AFF STUDIES ARE WRONG – DATA CONFIRMS A SMALL LNG SHIPPING ACCIDENT WOULD RESULT IN A SPILL OF LNG AT DANGEROUS LEVELS.


RAINES AND FINCH 3. [Ben & Bill – of Border Power Plants Workign Group – a thinktank for energy issues. Quoting the highly-qualified Lloy’d s Report – 12/7 – http://www.borderpowerplants.org/pdf_does/LNG_disaster.pdf]

A confidential study commissioned by the owner of Boston's liquefied natural gas terminal suggests that an accident involving an LNG tanker could quickly evolve into a chain reaction of explosions and fires. Such a scenario would almost inevitably lead to a catastrophic failure of the ship and a spill of LNG that would be much larger and much more dangerous than anything so far considered in federal studies and assessments of LNG hazards. Virtually every study used by federal regulators considers the loss of less than one-fifth of the cargo onboard a typical LNG tanker to be the "worst-case" accident scenario. Most published scientific studies estimate that such a limited spill could result in a fire a half-mile wide. By contrast, the confidential study -- commissioned by Tractabel LNG North America LLC, which owns the Boston Distrigas LNG terminal -- proposes several scenarios in which even a relatively small rupture in one of the five cargo tanks onboard a ship could "escalate" and lead to ruptures in multiple tanks." Described as a “generic” assessment, the study by the international maritime industry consultant Lloy’ds Register of Shipping stops short of identifying how large an area could be affected by such a catastrophic failure of the ship. LNG fires are often described as more dangerous than fires involving gasoline or other hydrocarbons, in part because natural gas burns so efficiently and intensely, and in part because each gallon of LNG has several hundred times the energy potential of a gallon of gasoline.

LNG ACCIDENT OUTWEIGHS 55 HIROSHIMAS.


BOWMAN 95. [Stephen, published author, “US still ripe for terror” Denver Post -- May 28 -- lexis]
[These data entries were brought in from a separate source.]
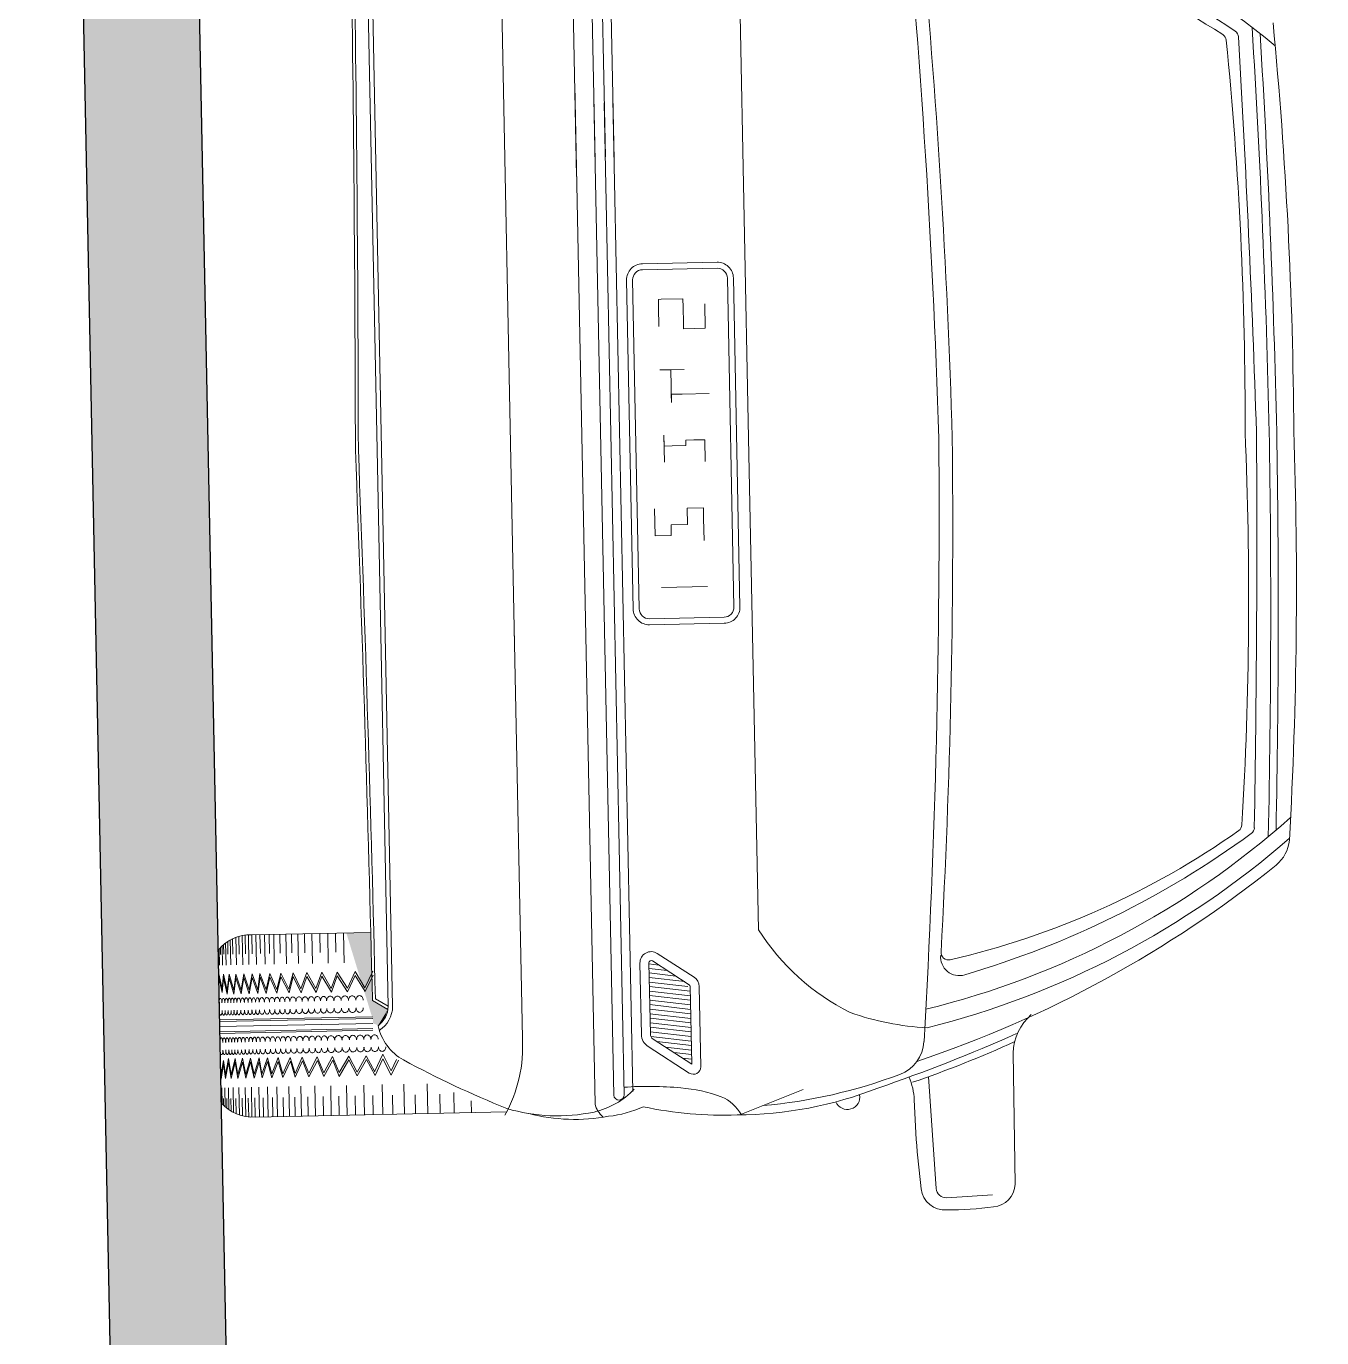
# Model space of a CAD drawing. Header units: inches. Extents: x 6322 to 85903, y -36042 to 7673.
# Drawn here: x 70051.9 to 70147.1, y -2377.3 to -2280.9 of the extents above; entities that cross this region are included whole.
import ezdxf

# ---------------------------------------------------------------- set-up
doc = ezdxf.new("R2010")
doc.units = ezdxf.units.IN
doc.header["$LTSCALE"] = 10
doc.linetypes.add('Amconstr', pattern=[9999, 9999, 0])
doc.layers.add('1_CAR', color=1, linetype='Continuous', lineweight=0)
for name, color, linetype in [('1_HATCH', 8, 'Continuous'), ('1_LINE', 4, 'Continuous'), ('CKS_PROPERTY LINE', 5, 'Continuous'), ('MS GATE', 1, 'Continuous')]:
    doc.layers.add(name, color=color, linetype=linetype)

# ---------------------------------------------------------------- blocks, each defined once
blk = doc.blocks.new('A$C6A1832CB')
at = {"layer": '1_CAR', "linetype": 'Continuous'}
for p, q in [((31.964, 22.286), (11.701, 22.286)), ((31.964, 22.286), (52.8, 22.286)), ((25.885, 20.478), (25.885, 18.575)), ((6.473, 19.055), (6.422, 19.43)), ((6.706, 18.708), (6.608, 19.43)), ((6.94, 18.362), (6.795, 19.43)), ((7.173, 18.015), (6.981, 19.43)), ((7.394, 17.766), (7.168, 19.43)), ((7.583, 17.749), (7.354, 19.43)), ((7.769, 17.749), (7.541, 19.43)), ((7.956, 17.749), (7.727, 19.43)), ((8.142, 17.749), (7.912, 19.445)), ((8.329, 17.749), (8.1, 19.43)), ((8.515, 17.749), (8.287, 19.43)), ((8.701, 17.749), (8.473, 19.43)), ((8.888, 17.749), (8.66, 19.43)), ((9.074, 17.749), (8.846, 19.43)), ((9.261, 17.749), (9.033, 19.43)), ((9.447, 17.749), (9.22, 19.421)), ((9.634, 17.749), (9.419, 19.33)), ((9.82, 17.749), (9.622, 19.211)), ((10.007, 17.749), (9.858, 18.843)), ((10.193, 17.749), (10.092, 18.497)), ((10.38, 17.749), (10.325, 18.15)), ((46.027, 16.976), (5.135, 16.976)), ((43.542, 16.976), (58.451, 16.976)), ((45.899, 16.617), (5.007, 16.617)), ((43.67, 16.617), (58.579, 16.617)), ((46.073, 16.193), (5.007, 16.193)), ((43.496, 16.193), (58.579, 16.193)), ((4.397, 11.763), (4.397, 1.408)), ((4.397, 10.308), (4.892, 10.308)), ((4.397, 9.606), (5.239, 9.606)), ((4.397, 9.023), (5.181, 9.023)), ((4.397, 8.51), (5.626, 8.51)), ((4.397, 8.013), (5.181, 8.013)), ((4.397, 7.551), (5.626, 7.551)), ((4.397, 7.072), (5.181, 7.072)), ((6.003, 7.037), (6.618, 7.344)), ((6.192, 7.037), (6.654, 7.268)), ((4.397, 6.661), (5.626, 6.661)), ((9.101, 6.326), (8.719, 6.955)), ((9.17, 6.449), (8.856, 6.968)), ((4.397, 6.267), (5.181, 6.267)), ((7.873, 0.005), (7.873, 6.321)), ((7.941, 0.005), (7.941, 6.321)), ((8.154, 0.005), (8.154, 6.321)), ((8.366, 0.005), (8.366, 6.321)), ((8.434, 0.005), (8.434, 6.321)), ((11.91, 6.313), (11.91, 1.408)), ((4.397, 5.907), (5.626, 5.907)), ((4.397, 5.531), (5.181, 5.531)), ((4.397, 5.188), (5.626, 5.188)), ((11.91, 5.188), (10.681, 5.188)), ((4.397, 4.863), (5.181, 4.863)), ((4.397, 4.537), (5.626, 4.537)), ((11.91, 4.537), (10.681, 4.537)), ((11.91, 4.863), (11.126, 4.863)), ((4.397, 4.212), (5.181, 4.212)), ((4.397, 3.887), (5.626, 3.887)), ((11.91, 3.887), (10.681, 3.887)), ((11.91, 4.212), (11.126, 4.212)), ((4.397, 3.579), (5.181, 3.579)), ((4.397, 3.305), (5.626, 3.305)), ((11.91, 3.305), (10.681, 3.305)), ((11.91, 3.579), (11.126, 3.579)), ((4.397, 3.048), (5.181, 3.048)), ((4.397, 2.808), (5.626, 2.808)), ((11.91, 2.808), (10.681, 2.808)), ((11.91, 3.048), (11.126, 3.048)), ((4.397, 2.568), (5.181, 2.568)), ((4.397, 2.312), (5.626, 2.312)), ((11.91, 2.312), (10.681, 2.312)), ((11.91, 2.568), (11.126, 2.568)), ((4.397, 2.123), (5.181, 2.123)), ((4.397, 1.935), (5.626, 1.935)), ((4.397, 1.747), (5.181, 1.747)), ((11.91, 1.935), (10.681, 1.935)), ((11.91, 2.123), (11.126, 2.123)), ((11.91, 1.747), (11.126, 1.747)), ((4.395, 1.267), (5.626, 1.267)), ((4.397, 1.575), (5.626, 1.575)), ((4.397, 1.404), (5.181, 1.404)), ((4.404, 1.13), (5.181, 1.13)), ((11.91, 1.575), (10.681, 1.575)), ((11.912, 1.267), (10.681, 1.267)), ((11.91, 1.404), (11.126, 1.404)), ((11.903, 1.13), (11.126, 1.13)), ((4.422, 1.01), (5.626, 1.01)), ((4.453, 0.873), (5.181, 0.873)), ((4.49, 0.754), (5.626, 0.754)), ((4.544, 0.617), (5.181, 0.617)), ((11.885, 1.01), (10.681, 1.01)), ((11.818, 0.754), (10.681, 0.754)), ((11.855, 0.873), (11.126, 0.873)), ((11.763, 0.617), (11.126, 0.617)), ((4.595, 0.514), (5.626, 0.514)), ((4.655, 0.411), (5.181, 0.411)), ((4.712, 0.325), (5.626, 0.325)), ((4.778, 0.24), (5.181, 0.24)), ((4.836, 0.173), (5.626, 0.173)), ((4.904, 0.103), (5.181, 0.103)), ((4.955, 0.055), (5.626, 0.055)), ((5.013, 0.005), (11.294, 0.005)), ((11.712, 0.514), (10.681, 0.514)), ((11.595, 0.325), (10.681, 0.325)), ((11.471, 0.173), (10.681, 0.173)), ((11.352, 0.055), (10.681, 0.055)), ((11.652, 0.411), (11.126, 0.411)), ((11.529, 0.24), (11.126, 0.24)), ((11.404, 0.103), (11.126, 0.103))]:
    blk.add_line(p, q, dxfattribs=at)
for points in [[(11.701, 22.286, -0.134631), (8.212, 25.996, -0.069883), (7.516, 29.153, -0.118522), (15.037, 44.246, -5.181435)], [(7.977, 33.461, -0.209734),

The destruction, or perhaps even the disruption, of energy supplies could bring on the loss of millions of jobs virtually overnight, the starvation of hundreds of thousands and to at least some extent an environmental catastrophe. And there is another reason why energy sources should be a top priority on our national-defense list: They are so simple to destroy that it is ridiculous to even imagine they are not at the top of the list of terrorist targets. As one Department of Defense official explained in the wake of the World Trade Center bombing, the terrorist strives to get the most bang for his buck by achieving the most efficient kill ratio. He can spend $ 5,000 and explode a bomb in the World Trade Center. Or he can spend $ 1 on a bullet and wipe out the electricity of a whole city. Or maybe kill millions of people with a small vial of cheap but lethal chemicals. If the option is left open, sooner or later the terrorist will respond. According to a General Accounting Office report, in 1977, "Successful sabotage of an LEG (liquefied energy gas) facility in an urban area could cause a catastrophe. We found security precautions and physical barriers at LEG facilities generally aren't adequate to deter even an untrained saboteur. None of the LEG storage areas we saw are impervious to sabotage, and most are highly vulnerable." Liquefied energy gas is the generic term to describe both liquid natural gas - LNG - and liquid petroleum gas - LPG. Even though the energy content of a single LNG transport tanker is equivalent to that of 55 Hiroshima-size atomic bombs, very little has been done to assure that LNG shipments are protected from sabotage as they come and go through the ports of some of our major cities. Regardless of the government's own reports and warnings, LNG ships chug into the hearts of city harbors, and these cities are in danger of being leveled on any given day. Whereas oil contains more energy than does LNG, the liquid natural gas is actually more hazardous. Burning oil does not spread far over either water or land. LNG, on the other hand, is less than half as dense as water, so a single cubic meter of LNG weighs just over half a ton. One cubic meter of spilled LNG rapidly boils into about 620 cubic meters of natural gas, which mixes with the air - a mixture of between 5 and 14 percent is flammable. A single cubic meter of spilled LNG can make up to 12,400 cubic meters of flammable gas-air mixture.